Items listed in a dataset
= Beginning of Section =

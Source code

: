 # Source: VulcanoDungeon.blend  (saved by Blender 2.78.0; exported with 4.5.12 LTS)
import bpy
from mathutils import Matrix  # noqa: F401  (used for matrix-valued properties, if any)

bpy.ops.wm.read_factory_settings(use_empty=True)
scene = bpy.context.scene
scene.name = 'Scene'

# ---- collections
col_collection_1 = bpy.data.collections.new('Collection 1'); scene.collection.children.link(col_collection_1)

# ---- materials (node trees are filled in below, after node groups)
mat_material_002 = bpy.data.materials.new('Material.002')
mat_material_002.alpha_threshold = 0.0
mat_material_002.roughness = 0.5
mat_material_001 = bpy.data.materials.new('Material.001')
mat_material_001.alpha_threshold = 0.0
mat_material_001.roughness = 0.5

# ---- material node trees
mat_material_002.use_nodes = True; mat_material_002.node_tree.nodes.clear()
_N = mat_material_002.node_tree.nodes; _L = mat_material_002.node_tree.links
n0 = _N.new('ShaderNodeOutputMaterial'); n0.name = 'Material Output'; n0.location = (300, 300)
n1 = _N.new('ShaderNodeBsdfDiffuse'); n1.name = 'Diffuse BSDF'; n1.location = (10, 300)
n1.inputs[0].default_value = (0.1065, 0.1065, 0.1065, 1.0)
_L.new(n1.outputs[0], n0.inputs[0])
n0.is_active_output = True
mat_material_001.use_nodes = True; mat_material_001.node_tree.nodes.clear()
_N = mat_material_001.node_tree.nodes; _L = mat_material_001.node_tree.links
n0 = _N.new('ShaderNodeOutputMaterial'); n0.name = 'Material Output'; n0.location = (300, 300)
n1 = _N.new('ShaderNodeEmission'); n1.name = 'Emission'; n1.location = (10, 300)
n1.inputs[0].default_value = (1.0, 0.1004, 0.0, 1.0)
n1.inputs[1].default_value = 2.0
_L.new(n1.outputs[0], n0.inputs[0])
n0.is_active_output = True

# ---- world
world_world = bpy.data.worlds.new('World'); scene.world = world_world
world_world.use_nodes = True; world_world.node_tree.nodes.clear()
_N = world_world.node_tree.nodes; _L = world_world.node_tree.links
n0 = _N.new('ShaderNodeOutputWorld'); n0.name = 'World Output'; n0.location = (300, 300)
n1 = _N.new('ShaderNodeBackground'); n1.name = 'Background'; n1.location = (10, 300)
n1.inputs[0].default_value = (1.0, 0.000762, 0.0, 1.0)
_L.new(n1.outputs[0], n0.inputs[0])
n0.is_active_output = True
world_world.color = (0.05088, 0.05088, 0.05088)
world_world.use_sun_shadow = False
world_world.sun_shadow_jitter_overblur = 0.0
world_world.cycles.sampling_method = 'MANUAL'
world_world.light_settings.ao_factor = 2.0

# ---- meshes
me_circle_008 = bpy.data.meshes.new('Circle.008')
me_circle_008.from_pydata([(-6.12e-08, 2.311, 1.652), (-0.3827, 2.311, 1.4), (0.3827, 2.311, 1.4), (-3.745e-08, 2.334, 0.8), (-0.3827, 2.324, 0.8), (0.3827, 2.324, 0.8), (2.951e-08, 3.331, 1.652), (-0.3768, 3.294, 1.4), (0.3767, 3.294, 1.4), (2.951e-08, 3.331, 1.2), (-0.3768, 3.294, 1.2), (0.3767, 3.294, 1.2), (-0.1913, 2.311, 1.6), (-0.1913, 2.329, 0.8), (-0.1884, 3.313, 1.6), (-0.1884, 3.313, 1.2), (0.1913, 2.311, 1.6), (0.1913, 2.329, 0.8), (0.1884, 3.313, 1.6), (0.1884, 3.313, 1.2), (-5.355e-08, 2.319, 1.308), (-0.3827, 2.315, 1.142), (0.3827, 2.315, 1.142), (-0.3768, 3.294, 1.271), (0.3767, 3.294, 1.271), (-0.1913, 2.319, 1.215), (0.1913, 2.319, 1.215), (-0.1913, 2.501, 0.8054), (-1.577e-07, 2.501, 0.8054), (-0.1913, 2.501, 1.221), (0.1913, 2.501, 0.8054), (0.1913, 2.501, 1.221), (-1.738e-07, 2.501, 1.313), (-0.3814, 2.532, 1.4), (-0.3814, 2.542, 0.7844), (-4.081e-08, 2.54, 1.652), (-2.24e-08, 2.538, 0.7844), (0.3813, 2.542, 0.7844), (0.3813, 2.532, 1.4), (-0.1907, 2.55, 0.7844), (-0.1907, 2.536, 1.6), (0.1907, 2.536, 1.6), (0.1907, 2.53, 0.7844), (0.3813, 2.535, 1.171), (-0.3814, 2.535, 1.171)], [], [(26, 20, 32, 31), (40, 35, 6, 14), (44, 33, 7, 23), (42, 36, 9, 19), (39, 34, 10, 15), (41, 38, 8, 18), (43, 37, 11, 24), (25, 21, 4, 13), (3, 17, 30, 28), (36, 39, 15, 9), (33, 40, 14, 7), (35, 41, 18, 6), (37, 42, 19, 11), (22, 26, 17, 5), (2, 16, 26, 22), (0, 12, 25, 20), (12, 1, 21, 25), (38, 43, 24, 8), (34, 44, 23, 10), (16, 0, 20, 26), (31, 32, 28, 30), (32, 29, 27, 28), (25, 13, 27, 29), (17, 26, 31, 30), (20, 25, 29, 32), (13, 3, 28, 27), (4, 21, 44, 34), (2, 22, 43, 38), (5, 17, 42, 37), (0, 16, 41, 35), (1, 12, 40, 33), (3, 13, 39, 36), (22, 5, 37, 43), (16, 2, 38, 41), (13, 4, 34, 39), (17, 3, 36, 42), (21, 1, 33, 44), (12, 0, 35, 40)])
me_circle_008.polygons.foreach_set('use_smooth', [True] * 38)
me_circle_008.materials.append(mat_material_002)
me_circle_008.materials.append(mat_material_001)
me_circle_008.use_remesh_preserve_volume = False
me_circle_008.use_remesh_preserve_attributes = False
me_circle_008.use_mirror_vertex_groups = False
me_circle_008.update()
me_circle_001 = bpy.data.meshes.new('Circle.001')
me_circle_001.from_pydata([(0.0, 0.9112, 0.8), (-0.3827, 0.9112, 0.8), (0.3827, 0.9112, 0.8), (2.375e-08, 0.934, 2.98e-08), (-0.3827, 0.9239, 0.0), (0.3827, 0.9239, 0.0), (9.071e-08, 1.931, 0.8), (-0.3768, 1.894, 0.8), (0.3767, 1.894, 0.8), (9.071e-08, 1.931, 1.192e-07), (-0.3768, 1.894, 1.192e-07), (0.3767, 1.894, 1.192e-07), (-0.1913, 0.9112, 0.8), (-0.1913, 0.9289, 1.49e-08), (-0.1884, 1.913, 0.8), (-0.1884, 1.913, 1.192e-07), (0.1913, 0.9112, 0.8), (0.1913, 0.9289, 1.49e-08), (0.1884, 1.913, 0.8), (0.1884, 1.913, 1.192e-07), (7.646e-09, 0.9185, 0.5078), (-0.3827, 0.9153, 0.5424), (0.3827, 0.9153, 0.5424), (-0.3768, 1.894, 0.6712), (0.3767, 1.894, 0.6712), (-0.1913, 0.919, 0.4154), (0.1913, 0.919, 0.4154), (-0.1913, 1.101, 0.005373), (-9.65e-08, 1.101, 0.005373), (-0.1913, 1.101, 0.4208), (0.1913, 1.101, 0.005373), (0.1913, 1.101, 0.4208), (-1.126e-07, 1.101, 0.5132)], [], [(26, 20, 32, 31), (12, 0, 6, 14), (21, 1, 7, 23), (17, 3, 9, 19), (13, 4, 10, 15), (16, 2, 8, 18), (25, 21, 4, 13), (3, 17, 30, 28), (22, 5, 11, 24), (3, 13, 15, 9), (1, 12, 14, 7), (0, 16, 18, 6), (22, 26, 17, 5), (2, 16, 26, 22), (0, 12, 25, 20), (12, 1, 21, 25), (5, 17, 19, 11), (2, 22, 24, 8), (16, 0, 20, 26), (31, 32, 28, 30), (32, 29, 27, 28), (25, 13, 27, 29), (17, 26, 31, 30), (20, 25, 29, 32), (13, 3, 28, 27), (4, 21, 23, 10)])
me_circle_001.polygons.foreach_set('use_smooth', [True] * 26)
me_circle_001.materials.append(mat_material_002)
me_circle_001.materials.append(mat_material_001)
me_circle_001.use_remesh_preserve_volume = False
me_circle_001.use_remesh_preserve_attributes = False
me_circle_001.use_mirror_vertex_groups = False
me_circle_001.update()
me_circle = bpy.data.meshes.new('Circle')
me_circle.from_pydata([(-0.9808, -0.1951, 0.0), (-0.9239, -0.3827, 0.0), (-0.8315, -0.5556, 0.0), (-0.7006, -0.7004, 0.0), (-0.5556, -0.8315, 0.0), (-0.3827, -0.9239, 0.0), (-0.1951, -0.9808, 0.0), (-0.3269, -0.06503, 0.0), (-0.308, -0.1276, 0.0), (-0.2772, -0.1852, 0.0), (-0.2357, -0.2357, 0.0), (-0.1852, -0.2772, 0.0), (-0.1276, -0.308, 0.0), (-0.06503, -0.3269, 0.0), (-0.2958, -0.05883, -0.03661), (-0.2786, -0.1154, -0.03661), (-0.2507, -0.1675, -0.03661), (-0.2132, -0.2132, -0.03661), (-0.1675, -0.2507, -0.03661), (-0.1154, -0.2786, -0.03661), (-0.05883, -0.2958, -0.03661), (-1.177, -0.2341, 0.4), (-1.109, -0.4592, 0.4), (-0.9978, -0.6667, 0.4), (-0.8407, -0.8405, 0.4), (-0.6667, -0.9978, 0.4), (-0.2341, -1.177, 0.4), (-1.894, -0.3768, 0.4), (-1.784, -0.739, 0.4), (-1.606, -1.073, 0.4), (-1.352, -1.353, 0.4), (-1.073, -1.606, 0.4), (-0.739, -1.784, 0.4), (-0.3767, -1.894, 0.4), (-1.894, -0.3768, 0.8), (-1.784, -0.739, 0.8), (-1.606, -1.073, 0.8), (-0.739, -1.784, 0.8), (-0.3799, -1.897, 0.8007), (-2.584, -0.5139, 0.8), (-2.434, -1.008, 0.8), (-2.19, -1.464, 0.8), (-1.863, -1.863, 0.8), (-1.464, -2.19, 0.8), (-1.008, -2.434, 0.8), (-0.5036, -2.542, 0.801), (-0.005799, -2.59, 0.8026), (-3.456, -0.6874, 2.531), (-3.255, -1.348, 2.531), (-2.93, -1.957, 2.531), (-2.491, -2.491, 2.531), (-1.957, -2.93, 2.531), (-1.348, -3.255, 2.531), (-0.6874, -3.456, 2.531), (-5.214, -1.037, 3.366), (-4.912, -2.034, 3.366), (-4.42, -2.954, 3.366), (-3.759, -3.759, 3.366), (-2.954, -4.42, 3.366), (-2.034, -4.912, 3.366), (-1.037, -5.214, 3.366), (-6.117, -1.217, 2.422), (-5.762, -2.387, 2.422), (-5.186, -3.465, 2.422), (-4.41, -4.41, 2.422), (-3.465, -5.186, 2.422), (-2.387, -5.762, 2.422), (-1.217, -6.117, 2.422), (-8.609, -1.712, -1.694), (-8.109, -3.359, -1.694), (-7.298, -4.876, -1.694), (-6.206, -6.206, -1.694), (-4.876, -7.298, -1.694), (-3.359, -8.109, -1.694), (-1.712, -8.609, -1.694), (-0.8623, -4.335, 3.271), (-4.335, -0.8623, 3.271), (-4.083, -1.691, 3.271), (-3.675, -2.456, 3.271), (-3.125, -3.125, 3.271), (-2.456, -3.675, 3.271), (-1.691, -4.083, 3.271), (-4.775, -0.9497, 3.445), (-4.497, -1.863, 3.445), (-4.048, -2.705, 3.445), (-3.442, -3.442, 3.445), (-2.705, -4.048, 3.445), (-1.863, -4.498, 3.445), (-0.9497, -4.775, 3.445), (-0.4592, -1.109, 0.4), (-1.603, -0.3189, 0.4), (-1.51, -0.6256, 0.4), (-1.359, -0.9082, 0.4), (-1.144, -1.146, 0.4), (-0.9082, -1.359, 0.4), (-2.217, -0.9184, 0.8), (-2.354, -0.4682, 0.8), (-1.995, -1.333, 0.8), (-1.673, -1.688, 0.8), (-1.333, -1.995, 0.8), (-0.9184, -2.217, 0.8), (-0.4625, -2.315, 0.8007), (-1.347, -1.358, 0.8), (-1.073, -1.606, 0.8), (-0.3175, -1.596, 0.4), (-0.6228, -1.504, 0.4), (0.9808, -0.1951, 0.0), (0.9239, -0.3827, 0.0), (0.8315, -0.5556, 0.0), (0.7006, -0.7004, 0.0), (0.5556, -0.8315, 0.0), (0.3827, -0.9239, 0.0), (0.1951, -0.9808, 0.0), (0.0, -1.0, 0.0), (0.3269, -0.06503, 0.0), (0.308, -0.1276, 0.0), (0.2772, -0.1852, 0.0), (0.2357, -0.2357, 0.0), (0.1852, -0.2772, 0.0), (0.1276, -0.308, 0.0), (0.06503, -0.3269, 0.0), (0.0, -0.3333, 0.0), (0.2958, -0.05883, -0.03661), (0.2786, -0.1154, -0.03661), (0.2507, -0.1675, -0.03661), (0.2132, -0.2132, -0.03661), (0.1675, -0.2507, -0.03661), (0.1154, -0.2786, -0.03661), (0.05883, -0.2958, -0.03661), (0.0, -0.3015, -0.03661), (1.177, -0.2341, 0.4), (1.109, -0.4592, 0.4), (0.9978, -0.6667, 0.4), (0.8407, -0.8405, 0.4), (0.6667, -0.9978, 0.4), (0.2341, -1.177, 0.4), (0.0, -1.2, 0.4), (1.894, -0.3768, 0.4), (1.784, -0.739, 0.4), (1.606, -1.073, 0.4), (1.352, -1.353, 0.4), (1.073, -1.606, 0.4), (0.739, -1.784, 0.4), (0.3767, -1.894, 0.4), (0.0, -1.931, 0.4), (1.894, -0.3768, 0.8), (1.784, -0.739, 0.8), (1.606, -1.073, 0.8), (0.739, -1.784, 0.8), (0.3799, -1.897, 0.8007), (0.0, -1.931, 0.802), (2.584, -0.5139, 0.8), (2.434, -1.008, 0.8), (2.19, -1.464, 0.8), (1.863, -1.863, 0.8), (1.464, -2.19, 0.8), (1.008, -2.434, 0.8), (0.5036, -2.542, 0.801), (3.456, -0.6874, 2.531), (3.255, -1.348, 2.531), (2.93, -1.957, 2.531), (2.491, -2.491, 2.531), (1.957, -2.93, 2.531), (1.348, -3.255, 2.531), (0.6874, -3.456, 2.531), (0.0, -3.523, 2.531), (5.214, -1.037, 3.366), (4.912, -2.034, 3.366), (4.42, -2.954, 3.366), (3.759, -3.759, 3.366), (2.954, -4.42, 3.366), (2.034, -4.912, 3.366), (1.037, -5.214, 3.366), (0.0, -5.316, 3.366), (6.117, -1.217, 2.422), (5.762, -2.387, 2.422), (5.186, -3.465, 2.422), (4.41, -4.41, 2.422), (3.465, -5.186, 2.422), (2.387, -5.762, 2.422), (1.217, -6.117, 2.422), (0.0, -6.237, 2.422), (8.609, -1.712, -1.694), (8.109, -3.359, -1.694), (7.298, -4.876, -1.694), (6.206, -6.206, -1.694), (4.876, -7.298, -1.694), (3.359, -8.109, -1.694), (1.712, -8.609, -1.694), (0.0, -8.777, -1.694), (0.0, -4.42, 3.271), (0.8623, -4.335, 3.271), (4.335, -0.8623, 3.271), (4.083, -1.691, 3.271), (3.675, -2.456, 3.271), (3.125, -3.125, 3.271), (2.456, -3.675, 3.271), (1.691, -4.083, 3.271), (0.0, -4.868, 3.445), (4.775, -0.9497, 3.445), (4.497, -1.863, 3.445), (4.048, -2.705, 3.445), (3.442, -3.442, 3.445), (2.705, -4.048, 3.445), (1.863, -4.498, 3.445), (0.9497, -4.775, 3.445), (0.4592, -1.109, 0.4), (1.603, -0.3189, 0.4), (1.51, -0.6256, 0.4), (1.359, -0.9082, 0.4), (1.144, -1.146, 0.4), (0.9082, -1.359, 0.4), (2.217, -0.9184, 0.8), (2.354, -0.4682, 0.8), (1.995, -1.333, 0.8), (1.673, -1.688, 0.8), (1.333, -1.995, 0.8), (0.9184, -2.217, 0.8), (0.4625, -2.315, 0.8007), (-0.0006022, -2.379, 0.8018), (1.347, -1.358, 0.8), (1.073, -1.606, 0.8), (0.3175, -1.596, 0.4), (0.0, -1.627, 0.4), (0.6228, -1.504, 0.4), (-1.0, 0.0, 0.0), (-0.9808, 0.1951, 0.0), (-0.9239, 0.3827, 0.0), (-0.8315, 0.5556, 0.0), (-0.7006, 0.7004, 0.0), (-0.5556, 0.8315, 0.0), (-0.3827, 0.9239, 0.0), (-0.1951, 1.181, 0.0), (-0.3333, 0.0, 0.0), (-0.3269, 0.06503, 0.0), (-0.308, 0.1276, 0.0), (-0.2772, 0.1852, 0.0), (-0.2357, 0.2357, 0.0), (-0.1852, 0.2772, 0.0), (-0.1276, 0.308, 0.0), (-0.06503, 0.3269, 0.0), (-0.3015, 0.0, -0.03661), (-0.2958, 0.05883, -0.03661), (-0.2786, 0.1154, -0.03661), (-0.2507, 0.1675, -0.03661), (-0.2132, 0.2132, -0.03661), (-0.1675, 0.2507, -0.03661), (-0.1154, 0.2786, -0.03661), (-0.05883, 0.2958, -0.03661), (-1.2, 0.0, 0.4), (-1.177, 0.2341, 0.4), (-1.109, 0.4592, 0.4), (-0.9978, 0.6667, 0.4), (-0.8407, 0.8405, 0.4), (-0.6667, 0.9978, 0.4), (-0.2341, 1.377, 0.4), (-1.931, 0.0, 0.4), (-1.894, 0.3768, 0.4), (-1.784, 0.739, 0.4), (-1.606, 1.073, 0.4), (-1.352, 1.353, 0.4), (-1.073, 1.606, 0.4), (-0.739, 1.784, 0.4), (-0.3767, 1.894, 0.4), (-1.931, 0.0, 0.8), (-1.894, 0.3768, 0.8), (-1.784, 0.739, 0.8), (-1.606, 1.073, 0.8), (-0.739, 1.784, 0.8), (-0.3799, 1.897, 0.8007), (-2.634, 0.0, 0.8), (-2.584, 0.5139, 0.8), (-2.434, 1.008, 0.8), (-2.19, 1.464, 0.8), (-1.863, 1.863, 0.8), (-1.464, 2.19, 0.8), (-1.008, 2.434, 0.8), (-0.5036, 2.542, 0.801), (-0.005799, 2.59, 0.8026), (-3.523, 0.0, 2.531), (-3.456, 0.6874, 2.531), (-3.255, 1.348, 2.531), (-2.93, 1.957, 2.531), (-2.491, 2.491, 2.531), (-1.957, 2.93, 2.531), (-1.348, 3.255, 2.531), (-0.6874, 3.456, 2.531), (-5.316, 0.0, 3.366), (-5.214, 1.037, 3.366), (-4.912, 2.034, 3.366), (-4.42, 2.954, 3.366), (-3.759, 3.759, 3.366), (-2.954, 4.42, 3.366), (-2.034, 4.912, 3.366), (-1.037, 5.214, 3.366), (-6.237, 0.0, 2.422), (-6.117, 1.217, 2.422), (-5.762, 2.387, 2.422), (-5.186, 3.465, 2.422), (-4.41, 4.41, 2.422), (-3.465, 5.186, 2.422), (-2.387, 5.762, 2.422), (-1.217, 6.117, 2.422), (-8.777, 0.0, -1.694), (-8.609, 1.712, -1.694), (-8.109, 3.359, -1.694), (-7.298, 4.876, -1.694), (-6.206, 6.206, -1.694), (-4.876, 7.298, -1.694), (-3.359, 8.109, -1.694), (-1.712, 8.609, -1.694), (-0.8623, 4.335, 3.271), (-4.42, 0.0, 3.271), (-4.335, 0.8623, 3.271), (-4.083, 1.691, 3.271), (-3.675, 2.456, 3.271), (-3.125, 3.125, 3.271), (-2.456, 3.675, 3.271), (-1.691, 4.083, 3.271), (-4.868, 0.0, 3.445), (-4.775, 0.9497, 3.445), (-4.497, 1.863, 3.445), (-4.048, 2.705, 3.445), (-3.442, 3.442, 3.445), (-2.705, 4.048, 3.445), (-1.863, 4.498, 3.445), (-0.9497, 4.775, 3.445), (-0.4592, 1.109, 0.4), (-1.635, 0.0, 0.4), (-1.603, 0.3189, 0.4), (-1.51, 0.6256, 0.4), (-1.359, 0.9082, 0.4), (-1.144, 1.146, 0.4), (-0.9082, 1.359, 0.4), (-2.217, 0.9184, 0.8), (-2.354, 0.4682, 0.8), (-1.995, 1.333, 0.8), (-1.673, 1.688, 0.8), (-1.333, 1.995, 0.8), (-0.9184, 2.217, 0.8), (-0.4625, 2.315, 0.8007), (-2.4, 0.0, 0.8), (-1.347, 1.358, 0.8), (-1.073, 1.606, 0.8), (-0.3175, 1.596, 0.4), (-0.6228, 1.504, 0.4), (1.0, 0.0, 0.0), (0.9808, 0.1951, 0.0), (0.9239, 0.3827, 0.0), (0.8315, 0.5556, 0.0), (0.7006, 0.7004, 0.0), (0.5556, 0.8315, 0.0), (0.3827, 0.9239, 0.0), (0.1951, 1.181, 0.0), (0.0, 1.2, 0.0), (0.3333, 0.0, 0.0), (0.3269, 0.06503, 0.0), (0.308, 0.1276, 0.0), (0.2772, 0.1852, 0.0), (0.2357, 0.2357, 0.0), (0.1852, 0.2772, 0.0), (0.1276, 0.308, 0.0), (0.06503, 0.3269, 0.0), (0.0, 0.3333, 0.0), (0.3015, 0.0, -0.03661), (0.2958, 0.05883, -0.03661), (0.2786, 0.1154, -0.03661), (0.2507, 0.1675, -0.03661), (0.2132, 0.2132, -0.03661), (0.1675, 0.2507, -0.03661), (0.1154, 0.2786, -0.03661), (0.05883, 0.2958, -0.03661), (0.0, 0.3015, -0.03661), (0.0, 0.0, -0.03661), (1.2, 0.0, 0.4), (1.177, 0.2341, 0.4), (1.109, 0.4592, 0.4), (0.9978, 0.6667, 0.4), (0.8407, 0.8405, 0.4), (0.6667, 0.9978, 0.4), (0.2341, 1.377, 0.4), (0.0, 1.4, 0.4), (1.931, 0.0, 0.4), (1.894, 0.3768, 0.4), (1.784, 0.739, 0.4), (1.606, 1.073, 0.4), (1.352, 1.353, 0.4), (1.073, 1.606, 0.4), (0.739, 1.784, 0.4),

= End of Section =

What is being asked: Copy the entries word for word. Start at the first line and end with the line containing "mat_material_001 = bpy.data.materials.new('Material.001')".

Written answer:
Source code

: # Source: VulcanoDungeon.blend  (saved by Blender 2.78.0; exported with 4.5.12 LTS)
import bpy
from mathutils import Matrix  # noqa: F401  (used for matrix-valued properties, if any)

bpy.ops.wm.read_factory_settings(use_empty=True)
scene = bpy.context.scene
scene.name = 'Scene'

# ---- collections
col_collection_1 = bpy.data.collections.new('Collection 1'); scene.collection.children.link(col_collection_1)

# ---- materials (node trees are filled in below, after node groups)
mat_material_002 = bpy.data.materials.new('Material.002')
mat_material_002.alpha_threshold = 0.0
mat_material_002.roughness = 0.5
mat_material_001 = bpy.data.materials.new('Material.001')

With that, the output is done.